Return each line of the data below that contains the string "none".

━━━━━━━━━━━━━━━━

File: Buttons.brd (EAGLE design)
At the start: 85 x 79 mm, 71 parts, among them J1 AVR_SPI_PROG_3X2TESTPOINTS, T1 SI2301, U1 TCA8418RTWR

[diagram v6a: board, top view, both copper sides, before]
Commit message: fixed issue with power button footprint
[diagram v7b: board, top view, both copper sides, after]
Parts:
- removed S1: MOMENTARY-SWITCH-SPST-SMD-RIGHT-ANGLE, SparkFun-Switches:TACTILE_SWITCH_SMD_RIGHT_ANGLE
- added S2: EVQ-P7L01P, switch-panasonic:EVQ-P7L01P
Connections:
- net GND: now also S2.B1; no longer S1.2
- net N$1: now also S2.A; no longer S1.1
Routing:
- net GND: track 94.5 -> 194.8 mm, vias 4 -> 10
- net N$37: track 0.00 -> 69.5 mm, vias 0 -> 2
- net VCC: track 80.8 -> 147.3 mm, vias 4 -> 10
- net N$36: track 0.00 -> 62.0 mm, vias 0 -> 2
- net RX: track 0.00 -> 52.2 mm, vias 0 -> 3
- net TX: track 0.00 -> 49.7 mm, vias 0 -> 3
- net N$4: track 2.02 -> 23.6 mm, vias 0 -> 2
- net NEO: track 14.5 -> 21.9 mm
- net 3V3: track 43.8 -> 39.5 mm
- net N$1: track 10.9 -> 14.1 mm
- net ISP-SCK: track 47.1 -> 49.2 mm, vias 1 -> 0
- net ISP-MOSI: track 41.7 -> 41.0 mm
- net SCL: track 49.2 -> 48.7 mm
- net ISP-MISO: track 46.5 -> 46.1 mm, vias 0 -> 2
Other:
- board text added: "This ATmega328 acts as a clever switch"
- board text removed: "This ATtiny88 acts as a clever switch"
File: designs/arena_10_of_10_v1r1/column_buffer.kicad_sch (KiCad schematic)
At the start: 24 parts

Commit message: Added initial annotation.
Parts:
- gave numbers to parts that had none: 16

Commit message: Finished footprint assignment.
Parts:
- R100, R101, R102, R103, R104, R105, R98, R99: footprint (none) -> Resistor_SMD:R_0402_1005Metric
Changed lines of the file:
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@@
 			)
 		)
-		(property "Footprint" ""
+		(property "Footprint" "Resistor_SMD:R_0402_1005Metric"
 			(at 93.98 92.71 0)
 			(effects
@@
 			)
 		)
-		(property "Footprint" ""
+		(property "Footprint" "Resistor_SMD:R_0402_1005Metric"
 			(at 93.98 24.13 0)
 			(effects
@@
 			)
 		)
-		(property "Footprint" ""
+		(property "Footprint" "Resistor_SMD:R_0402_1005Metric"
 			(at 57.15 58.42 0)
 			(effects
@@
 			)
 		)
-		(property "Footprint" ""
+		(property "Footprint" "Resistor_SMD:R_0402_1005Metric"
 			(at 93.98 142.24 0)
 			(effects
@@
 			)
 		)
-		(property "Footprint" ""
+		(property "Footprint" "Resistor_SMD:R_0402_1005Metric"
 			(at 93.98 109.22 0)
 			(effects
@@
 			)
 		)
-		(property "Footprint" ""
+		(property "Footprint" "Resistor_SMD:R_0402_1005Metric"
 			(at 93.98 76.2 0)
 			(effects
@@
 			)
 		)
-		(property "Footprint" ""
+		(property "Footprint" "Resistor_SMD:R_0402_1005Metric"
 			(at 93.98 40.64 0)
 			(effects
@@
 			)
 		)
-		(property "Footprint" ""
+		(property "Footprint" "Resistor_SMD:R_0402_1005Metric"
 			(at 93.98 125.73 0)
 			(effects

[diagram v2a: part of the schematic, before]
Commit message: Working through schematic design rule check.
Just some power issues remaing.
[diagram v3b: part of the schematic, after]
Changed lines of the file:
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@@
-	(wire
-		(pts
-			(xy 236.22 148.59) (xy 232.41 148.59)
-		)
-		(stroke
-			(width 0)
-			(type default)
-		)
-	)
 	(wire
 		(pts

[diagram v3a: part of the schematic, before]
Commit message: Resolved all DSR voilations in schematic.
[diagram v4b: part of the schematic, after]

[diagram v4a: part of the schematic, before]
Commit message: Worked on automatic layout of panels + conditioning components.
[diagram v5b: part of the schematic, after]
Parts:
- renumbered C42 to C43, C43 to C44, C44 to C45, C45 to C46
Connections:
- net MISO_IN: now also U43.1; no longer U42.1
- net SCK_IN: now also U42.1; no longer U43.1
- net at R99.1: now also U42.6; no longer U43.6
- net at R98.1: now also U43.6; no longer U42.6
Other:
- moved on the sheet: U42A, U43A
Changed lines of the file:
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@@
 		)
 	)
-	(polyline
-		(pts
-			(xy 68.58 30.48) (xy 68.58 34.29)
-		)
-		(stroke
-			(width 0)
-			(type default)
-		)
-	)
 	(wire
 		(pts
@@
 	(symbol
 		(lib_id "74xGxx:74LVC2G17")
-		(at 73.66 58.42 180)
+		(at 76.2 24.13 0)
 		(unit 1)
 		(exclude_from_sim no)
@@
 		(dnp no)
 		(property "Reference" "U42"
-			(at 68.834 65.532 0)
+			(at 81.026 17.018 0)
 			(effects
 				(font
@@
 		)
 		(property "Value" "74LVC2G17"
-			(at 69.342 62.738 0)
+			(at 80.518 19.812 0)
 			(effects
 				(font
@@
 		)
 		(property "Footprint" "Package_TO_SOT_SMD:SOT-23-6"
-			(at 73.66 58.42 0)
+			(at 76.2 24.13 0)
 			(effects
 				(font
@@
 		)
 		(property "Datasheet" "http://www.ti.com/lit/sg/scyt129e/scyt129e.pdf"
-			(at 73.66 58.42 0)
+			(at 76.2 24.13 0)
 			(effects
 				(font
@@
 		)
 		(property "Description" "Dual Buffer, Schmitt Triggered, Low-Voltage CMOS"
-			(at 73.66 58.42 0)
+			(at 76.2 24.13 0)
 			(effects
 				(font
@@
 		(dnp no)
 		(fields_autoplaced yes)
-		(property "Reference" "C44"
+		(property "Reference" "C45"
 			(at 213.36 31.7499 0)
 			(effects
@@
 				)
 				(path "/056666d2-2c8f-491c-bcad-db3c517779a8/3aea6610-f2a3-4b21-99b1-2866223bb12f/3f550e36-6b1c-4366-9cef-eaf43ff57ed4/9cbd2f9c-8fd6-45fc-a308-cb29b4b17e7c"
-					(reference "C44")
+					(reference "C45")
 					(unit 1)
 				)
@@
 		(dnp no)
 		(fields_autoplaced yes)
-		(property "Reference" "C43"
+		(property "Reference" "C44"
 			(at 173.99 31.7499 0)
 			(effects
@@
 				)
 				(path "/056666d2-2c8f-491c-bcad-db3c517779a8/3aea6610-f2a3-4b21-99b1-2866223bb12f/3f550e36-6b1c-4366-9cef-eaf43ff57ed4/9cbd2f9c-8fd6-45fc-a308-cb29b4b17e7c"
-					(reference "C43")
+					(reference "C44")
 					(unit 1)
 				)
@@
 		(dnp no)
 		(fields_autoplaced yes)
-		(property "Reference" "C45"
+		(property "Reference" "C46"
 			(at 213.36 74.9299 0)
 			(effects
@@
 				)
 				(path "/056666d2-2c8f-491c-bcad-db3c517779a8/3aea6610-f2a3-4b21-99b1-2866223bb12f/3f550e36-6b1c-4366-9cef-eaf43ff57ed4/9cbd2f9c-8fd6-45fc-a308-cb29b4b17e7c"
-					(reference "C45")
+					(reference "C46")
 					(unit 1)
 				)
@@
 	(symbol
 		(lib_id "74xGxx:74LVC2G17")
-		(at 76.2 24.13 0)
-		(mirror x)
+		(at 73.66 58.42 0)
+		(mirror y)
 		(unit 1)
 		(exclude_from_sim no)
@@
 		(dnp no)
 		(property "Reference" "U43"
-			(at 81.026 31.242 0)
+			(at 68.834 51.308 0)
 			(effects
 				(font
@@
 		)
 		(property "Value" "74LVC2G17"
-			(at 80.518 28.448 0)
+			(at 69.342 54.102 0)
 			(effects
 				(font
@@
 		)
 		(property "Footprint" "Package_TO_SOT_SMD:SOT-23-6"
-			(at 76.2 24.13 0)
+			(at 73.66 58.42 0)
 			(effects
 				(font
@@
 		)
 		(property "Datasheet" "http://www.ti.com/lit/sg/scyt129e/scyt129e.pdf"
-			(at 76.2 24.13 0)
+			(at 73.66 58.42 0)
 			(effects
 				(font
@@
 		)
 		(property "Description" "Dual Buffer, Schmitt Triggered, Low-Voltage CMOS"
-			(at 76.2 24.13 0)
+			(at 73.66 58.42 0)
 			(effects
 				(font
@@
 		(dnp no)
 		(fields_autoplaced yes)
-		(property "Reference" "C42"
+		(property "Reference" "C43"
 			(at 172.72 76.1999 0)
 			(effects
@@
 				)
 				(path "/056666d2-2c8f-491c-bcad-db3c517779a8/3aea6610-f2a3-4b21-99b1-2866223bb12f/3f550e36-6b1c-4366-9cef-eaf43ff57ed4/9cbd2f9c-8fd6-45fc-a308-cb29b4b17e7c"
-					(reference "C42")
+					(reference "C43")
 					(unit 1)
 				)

━━━━━━━━━━━━━━━━

### TASK RESPONSE:
- gave numbers to parts that had none: 16
- R100, R101, R102, R103, R104, R105, R98, R99: footprint (none) -> Resistor_SMD:R_0402_1005Metric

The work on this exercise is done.